Without computer modeling, it would be extraordinarily difficult to predict protein structures simply through the analysis of genome sequence data. In fact, the analysis of such data might be as helpful as reading tea leaves. Now, while the number-crunching ways of computers may seem as mysterious as divination, they do lead to useful results, provided sufficient data—a large enough volume of tea leaves!—is available.
Sufficient data for protein structure prediction, demonstrates a new study, may be obtained through metagenomics, the sequencing of DNA from environmental samples. Metagenomics has often been used to characterize the genomic diversity of microbial communities. The technique, however, is also contributing to the mapping of the protein universe, much of which remains largely unexplored.
There are close to 15,000 protein families in the database Pfam. For nearly a third (4752) of these protein families, there is at least one protein in each family that already has an experimentally determined structure. For another third (4886) of the protein families, comparative models could be built with some degree of confidence. For the final third (5211), however, no structural information exists.
A team led by University of Washington’s David Baker in collaboration with researchers at the U.S. Department of Energy Joint Genome Institute (DOE JGI) has reported that structural models have been generated for hundreds of protein families that previously had no structural information available. Details appeared January 20 in the journal Science, in an article entitled, “Protein Structure Ddetermination Using Metagenome Sequence Data.”
The article describes how Baker’s lab used its protein structure prediction server Rosetta to analyze metagenomic sequences publicly available on the Integrated Microbial Genomes (IMG) system run by the DOE JGI.
“We show that Rosetta structure prediction guided by residue–residue contacts inferred from evolutionary information can accurately model proteins that belong to large families and that metagenome sequence data more than triple[s] the number of protein families with sufficient sequences for accurate modeling,” wrote the authors of the Science article. “We then integrate metagenome data, contact-based structure matching, and Rosetta structure calculations to generate models for 614 protein families with currently unknown structures.”
The authors pointed out that structural models were generated for 206 membrane proteins. Also, 137 structural models were found to contain folds not represented in the Protein Data Bank. “This approach,” the authors added, “provides the representative models for large protein families originally envisioned as the goal of the Protein Structure Initiative at a fraction of the cost.”

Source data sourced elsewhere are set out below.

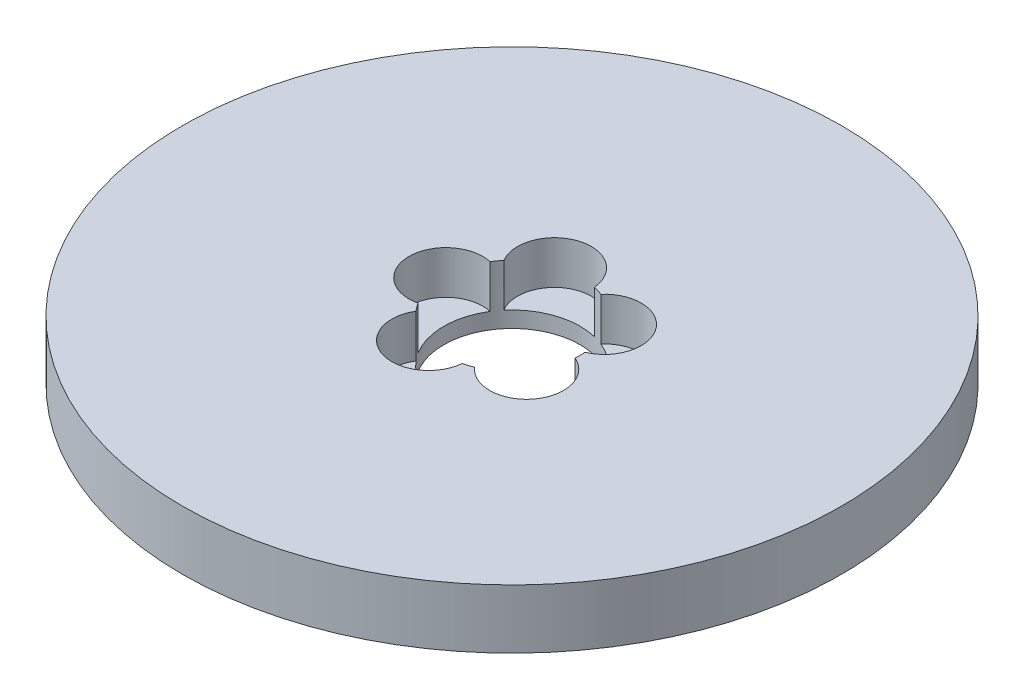
ISO-10303-21;
HEADER;
FILE_DESCRIPTION(('STEP AP214'),'2;1');
FILE_NAME('part.step','',(''),(''),'','','');
FILE_SCHEMA(('AUTOMOTIVE_DESIGN { 1 0 10303 214 1 1 1 1 }'));
ENDSEC;
DATA;
#1=APPLICATION_CONTEXT('core data for automotive mechanical design processes');
#2=APPLICATION_PROTOCOL_DEFINITION('international standard','automotive_design',2000,#1);
#3=PRODUCT_CONTEXT('',#1,'mechanical');
#4=PRODUCT('Part','Part','',(#3));
#5=PRODUCT_RELATED_PRODUCT_CATEGORY('part','',(#4));
#6=PRODUCT_DEFINITION_FORMATION('','',#4);
#7=PRODUCT_DEFINITION_CONTEXT('part definition',#1,'design');
#8=PRODUCT_DEFINITION('design','',#6,#7);
#9=PRODUCT_DEFINITION_SHAPE('','',#8);
#10=(LENGTH_UNIT() NAMED_UNIT(*) SI_UNIT(.MILLI.,.METRE.));
#11=(NAMED_UNIT(*) PLANE_ANGLE_UNIT() SI_UNIT($,.RADIAN.));
#12=(NAMED_UNIT(*) SI_UNIT($,.STERADIAN.) SOLID_ANGLE_UNIT());
#13=UNCERTAINTY_MEASURE_WITH_UNIT(LENGTH_MEASURE(1.E-05),#10,'distance_accuracy_value','');
#14=(GEOMETRIC_REPRESENTATION_CONTEXT(3) GLOBAL_UNCERTAINTY_ASSIGNED_CONTEXT((#13)) GLOBAL_UNIT_ASSIGNED_CONTEXT((#10,
#11,#12)) REPRESENTATION_CONTEXT('',''));
#15=CARTESIAN_POINT('',(0.,0.,0.));
#16=DIRECTION('',(0.,0.,1.));
#17=DIRECTION('',(1.,0.,0.));
#18=AXIS2_PLACEMENT_3D('',#15,#16,#17);
#19=CARTESIAN_POINT('',(0.,13.,0.));
#20=DIRECTION('',(0.,-1.,0.));
#21=DIRECTION('',(0.,0.,-1.));
#22=AXIS2_PLACEMENT_3D('',#19,#20,#21);
#23=CYLINDRICAL_SURFACE('',#22,72.5);
#24=CARTESIAN_POINT('',(0.,13.,0.));
#25=DIRECTION('',(0.,1.,0.));
#26=DIRECTION('',(0.,0.,1.));
#27=AXIS2_PLACEMENT_3D('',#24,#25,#26);
#28=CIRCLE('',#27,72.5);
#29=CARTESIAN_POINT('',(0.,13.,-72.5));
#30=VERTEX_POINT('',#29);
#31=EDGE_CURVE('E157',#30,#30,#28,.T.);
#32=CARTESIAN_POINT('',(0.,0.,0.));
#33=DIRECTION('',(0.,1.,0.));
#34=DIRECTION('',(0.,0.,1.));
#35=AXIS2_PLACEMENT_3D('',#32,#33,#34);
#36=CIRCLE('',#35,72.5);
#37=CARTESIAN_POINT('',(0.,0.,-72.5));
#38=VERTEX_POINT('',#37);
#39=EDGE_CURVE('E150',#38,#38,#36,.T.);
#40=CARTESIAN_POINT('',(0.,13.,-72.5));
#41=CARTESIAN_POINT('',(0.,12.8645833333333,-72.5));
#42=CARTESIAN_POINT('',(0.,12.7291666666667,-72.5));
#43=CARTESIAN_POINT('',(0.,12.4583333333333,-72.5));
#44=CARTESIAN_POINT('',(0.,12.3229166666667,-72.5));
#45=CARTESIAN_POINT('',(0.,12.0520833333333,-72.5));
#46=CARTESIAN_POINT('',(0.,11.9166666666667,-72.5));
#47=CARTESIAN_POINT('',(0.,11.6458333333333,-72.5));
#48=CARTESIAN_POINT('',(0.,11.5104166666667,-72.5));
#49=CARTESIAN_POINT('',(0.,11.2395833333333,-72.5));
#50=CARTESIAN_POINT('',(0.,11.1041666666667,-72.5));
#51=CARTESIAN_POINT('',(0.,10.8333333333333,-72.5));
#52=CARTESIAN_POINT('',(0.,10.6979166666667,-72.5));
#53=CARTESIAN_POINT('',(0.,10.4270833333333,-72.5));
#54=CARTESIAN_POINT('',(0.,10.2916666666667,-72.5));
#55=CARTESIAN_POINT('',(0.,10.0208333333333,-72.5));
#56=CARTESIAN_POINT('',(0.,9.88541666666667,-72.5));
#57=CARTESIAN_POINT('',(0.,9.61458333333333,-72.5));
#58=CARTESIAN_POINT('',(0.,9.47916666666667,-72.5));
#59=CARTESIAN_POINT('',(0.,9.20833333333333,-72.5));
#60=CARTESIAN_POINT('',(0.,9.07291666666666,-72.5));
#61=CARTESIAN_POINT('',(0.,8.80208333333333,-72.5));
#62=CARTESIAN_POINT('',(0.,8.66666666666667,-72.5));
#63=CARTESIAN_POINT('',(0.,8.39583333333333,-72.5));
#64=CARTESIAN_POINT('',(0.,8.26041666666667,-72.5));
#65=CARTESIAN_POINT('',(0.,7.98958333333333,-72.5));
#66=CARTESIAN_POINT('',(0.,7.85416666666667,-72.5));
#67=CARTESIAN_POINT('',(0.,7.58333333333333,-72.5));
#68=CARTESIAN_POINT('',(0.,7.44791666666667,-72.5));
#69=CARTESIAN_POINT('',(0.,7.17708333333333,-72.5));
#70=CARTESIAN_POINT('',(0.,7.04166666666667,-72.5));
#71=CARTESIAN_POINT('',(0.,6.77083333333333,-72.5));
#72=CARTESIAN_POINT('',(0.,6.63541666666667,-72.5));
#73=CARTESIAN_POINT('',(0.,6.36458333333333,-72.5));
#74=CARTESIAN_POINT('',(0.,6.22916666666667,-72.5));
#75=CARTESIAN_POINT('',(0.,5.95833333333333,-72.5));
#76=CARTESIAN_POINT('',(0.,5.82291666666667,-72.5));
#77=CARTESIAN_POINT('',(0.,5.55208333333333,-72.5));
#78=CARTESIAN_POINT('',(0.,5.41666666666667,-72.5));
#79=CARTESIAN_POINT('',(0.,5.14583333333333,-72.5));
#80=CARTESIAN_POINT('',(0.,5.01041666666667,-72.5));
#81=CARTESIAN_POINT('',(0.,4.73958333333333,-72.5));
#82=CARTESIAN_POINT('',(0.,4.60416666666667,-72.5));
#83=CARTESIAN_POINT('',(0.,4.33333333333333,-72.5));
#84=CARTESIAN_POINT('',(0.,4.19791666666667,-72.5));
#85=CARTESIAN_POINT('',(0.,3.92708333333333,-72.5));
#86=CARTESIAN_POINT('',(0.,3.79166666666667,-72.5));
#87=CARTESIAN_POINT('',(0.,3.52083333333333,-72.5));
#88=CARTESIAN_POINT('',(0.,3.38541666666667,-72.5));
#89=CARTESIAN_POINT('',(0.,3.11458333333333,-72.5));
#90=CARTESIAN_POINT('',(0.,2.97916666666667,-72.5));
#91=CARTESIAN_POINT('',(0.,2.70833333333333,-72.5));
#92=CARTESIAN_POINT('',(0.,2.57291666666667,-72.5));
#93=CARTESIAN_POINT('',(0.,2.30208333333333,-72.5));
#94=CARTESIAN_POINT('',(0.,2.16666666666667,-72.5));
#95=CARTESIAN_POINT('',(0.,1.89583333333333,-72.5));
#96=CARTESIAN_POINT('',(0.,1.76041666666667,-72.5));
#97=CARTESIAN_POINT('',(0.,1.48958333333333,-72.5));
#98=CARTESIAN_POINT('',(0.,1.35416666666667,-72.5));
#99=CARTESIAN_POINT('',(0.,1.08333333333333,-72.5));
#100=CARTESIAN_POINT('',(0.,0.947916666666667,-72.5));
#101=CARTESIAN_POINT('',(0.,0.677083333333334,-72.5));
#102=CARTESIAN_POINT('',(0.,0.541666666666667,-72.5));
#103=CARTESIAN_POINT('',(0.,0.270833333333334,-72.5));
#104=CARTESIAN_POINT('',(0.,0.135416666666667,-72.5));
#105=CARTESIAN_POINT('',(0.,0.,-72.5));
#106=B_SPLINE_CURVE_WITH_KNOTS('',3,(#40,#41,#42,#43,#44,#45,#46,#47,#48,#49,#50,#51,#52,#53,
#54,#55,#56,#57,#58,#59,#60,#61,#62,#63,#64,#65,#66,#67,#68,#69,#70,#71,#72,#73,#74,#75,#76,#77,
#78,#79,#80,#81,#82,#83,#84,#85,#86,#87,#88,#89,#90,#91,#92,#93,#94,#95,#96,#97,#98,#99,#100,
#101,#102,#103,#104,#105),.UNSPECIFIED.,.F.,.F.,(4,2,2,2,2,2,2,2,2,2,2,2,2,2,2,2,2,2,2,2,2,2,2,
2,2,2,2,2,2,2,2,2,4),(0.,0.40625,0.812500000000001,1.21875,1.625,2.03125,2.4375,2.84375,3.25,
3.65625,4.0625,4.46875,4.875,5.28125,5.6875,6.09375,6.5,6.90625,7.3125,7.71875,8.125,8.53125,
8.9375,9.34375,9.75,10.15625,10.5625,10.96875,11.375,11.78125,12.1875,12.59375,13.),.UNSPECIFIED.);
#107=EDGE_CURVE('BSEAM39',#30,#38,#106,.T.);
#108=ORIENTED_EDGE('',*,*,#31,.F.);
#109=ORIENTED_EDGE('',*,*,#39,.T.);
#110=ORIENTED_EDGE('',*,*,#107,.T.);
#111=ORIENTED_EDGE('',*,*,#107,.F.);
#112=EDGE_LOOP('',(#108,#110,#109,#111));
#113=FACE_BOUND('',#112,.T.);
#114=ADVANCED_FACE('F39',(#113),#23,.T.);
#115=CARTESIAN_POINT('',(0.,13.,0.));
#116=DIRECTION('',(0.,1.,0.));
#117=DIRECTION('',(0.,0.,1.));
#118=AXIS2_PLACEMENT_3D('',#115,#116,#117);
#119=PLANE('',#118);
#120=CARTESIAN_POINT('',(-4.49469762514531,13.,-13.8332568854899));
#121=DIRECTION('',(0.,1.,0.));
#122=DIRECTION('',(-0.95105651629515,0.,0.309016994374958));
#123=AXIS2_PLACEMENT_3D('',#120,#121,#122);
#124=CIRCLE('',#123,8.11849038893925);
#125=CARTESIAN_POINT('',(3.59085227778288,13.,-14.5638518228916));
#126=VERTEX_POINT('',#125);
#127=CARTESIAN_POINT('',(-11.4654778350851,13.,-9.67175361623595));
#128=VERTEX_POINT('',#127);
#129=EDGE_CURVE('E194',#126,#128,#124,.T.);
#130=ORIENTED_EDGE('',*,*,#129,.F.);
#131=CARTESIAN_POINT('',(0.,13.,0.));
#132=DIRECTION('',(0.,1.,0.));
#133=DIRECTION('',(0.,0.,1.));
#134=AXIS2_PLACEMENT_3D('',#131,#132,#133);
#135=CIRCLE('',#134,15.);
#136=CARTESIAN_POINT('',(5.65535680105188,13.,-13.8930536403195));
#137=VERTEX_POINT('',#136);
#138=EDGE_CURVE('E147',#137,#126,#135,.T.);
#139=ORIENTED_EDGE('',*,*,#138,.F.);
#140=CARTESIAN_POINT('',(11.7672711517834,13.,-8.54942293034139));
#141=DIRECTION('',(0.,1.,0.));
#142=DIRECTION('',(-0.58778525229248,0.,-0.809016994374942));
#143=AXIS2_PLACEMENT_3D('',#140,#141,#142);
#144=CIRCLE('',#143,8.11849038893925);
#145=CARTESIAN_POINT('',(14.960680556643,13.,-1.0853742589933));
#146=VERTEX_POINT('',#145);
#147=EDGE_CURVE('E254',#146,#137,#144,.T.);
#148=ORIENTED_EDGE('',*,*,#147,.F.);
#149=CARTESIAN_POINT('',(14.960680556643,13.,1.08537425899308));
#150=VERTEX_POINT('',#149);
#151=EDGE_CURVE('E144',#150,#146,#135,.T.);
#152=ORIENTED_EDGE('',*,*,#151,.F.);
#153=CARTESIAN_POINT('',(11.7672711517835,13.,8.54942293034122));
#154=DIRECTION('',(0.,1.,0.));
#155=DIRECTION('',(0.587785252292469,0.,-0.809016994374951));
#156=AXIS2_PLACEMENT_3D('',#153,#154,#155);
#157=CIRCLE('',#156,8.11849038893925);
#158=CARTESIAN_POINT('',(5.65535680105208,13.,13.8930536403195));
#159=VERTEX_POINT('',#158);
#160=EDGE_CURVE('E141',#159,#150,#157,.T.);
#161=ORIENTED_EDGE('',*,*,#160,.F.);
#162=CARTESIAN_POINT('',(3.59085227778309,13.,14.5638518228915));
#163=VERTEX_POINT('',#162);
#164=EDGE_CURVE('E134',#163,#159,#135,.T.);
#165=ORIENTED_EDGE('',*,*,#164,.F.);
#166=CARTESIAN_POINT('',(-4.49469762514511,13.,13.8332568854899));
#167=DIRECTION('',(0.,1.,0.));
#168=DIRECTION('',(0.951056516295155,0.,0.309016994374945));
#169=AXIS2_PLACEMENT_3D('',#166,#167,#168);
#170=CIRCLE('',#169,8.11849038893925);
#171=CARTESIAN_POINT('',(-11.4654778350849,13.,9.67175361623611));
#172=VERTEX_POINT('',#171);
#173=EDGE_CURVE('E111',#172,#163,#170,.T.);
#174=ORIENTED_EDGE('',*,*,#173,.F.);
#175=CARTESIAN_POINT('',(-12.7414118003931,13.,7.9155811746709));
#176=VERTEX_POINT('',#175);
#177=EDGE_CURVE('E145',#176,#172,#135,.T.);
#178=ORIENTED_EDGE('',*,*,#177,.F.);
#179=CARTESIAN_POINT('',(-14.5451470532766,13.,0.));
#180=DIRECTION('',(0.,1.,0.));
#181=DIRECTION('',(0.,0.,1.));
#182=AXIS2_PLACEMENT_3D('',#179,#180,#181);
#183=CIRCLE('',#182,8.11849038893925);
#184=CARTESIAN_POINT('',(-12.7414118003931,13.,-7.9155811746709));
#185=VERTEX_POINT('',#184);
#186=EDGE_CURVE('E153',#185,#176,#183,.T.);
#187=ORIENTED_EDGE('',*,*,#186,.F.);
#188=EDGE_CURVE('E146',#128,#185,#135,.T.);
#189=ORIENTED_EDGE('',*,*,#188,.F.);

“A large number of protein families (in Pfam) have low number of sequences,” said study first author Sergey Ovchinnikov, a graduate student in the Baker lab. “This resulted in two consequences: (1) nobody cared about these families (since they were small); and, (2) co-evolution methods could not be applied to study them. With metagenomics, we found that some of these neglected families with only a handful of sequences so far, can now become as large as some of the most studied ones, when metagenomics data are taken into account! Moreover, we can offer a 3D model of a representative sequence from the family. We hope this will spark interest in some of these families.”
Armed with genome sequences, researchers like Baker have been able to identify sets of amino acids that evolve simultaneously, even though they are nowhere near each other on the unfolded chain. Such events suggest that these amino acids are neighbors in the folded protein, offering researchers hints as to the protein's structure. Structural proximity can suggest a functional relationship and thus natural selection, acting on the function, can favor not just one amino acid but all that are in the set.
Nikos Kyrpides, DOE JGI Prokaryote Super Program head, emphasized that the collaboration between the Baker lab and the DOE JGI allowed the team to come up with a powerful way of predicting structures and structural alignments.
“Such efforts, were previously restricted on protein families generated from sequences found on the isolate genome only,” he said. “These genomes comprise about 200 million sequences. As expected, when we added on those our metagenomics data, harnessing the 5 billion assembled metagenome sequences available on our IMG/M database, we were able to dramatically increase the coverage of many of the known protein families. Efforts like this one heavily depend on the availability of assembled metagenomics sequences, which is an advantage the DOE JGI brings to the table with our high-quality assemblies.”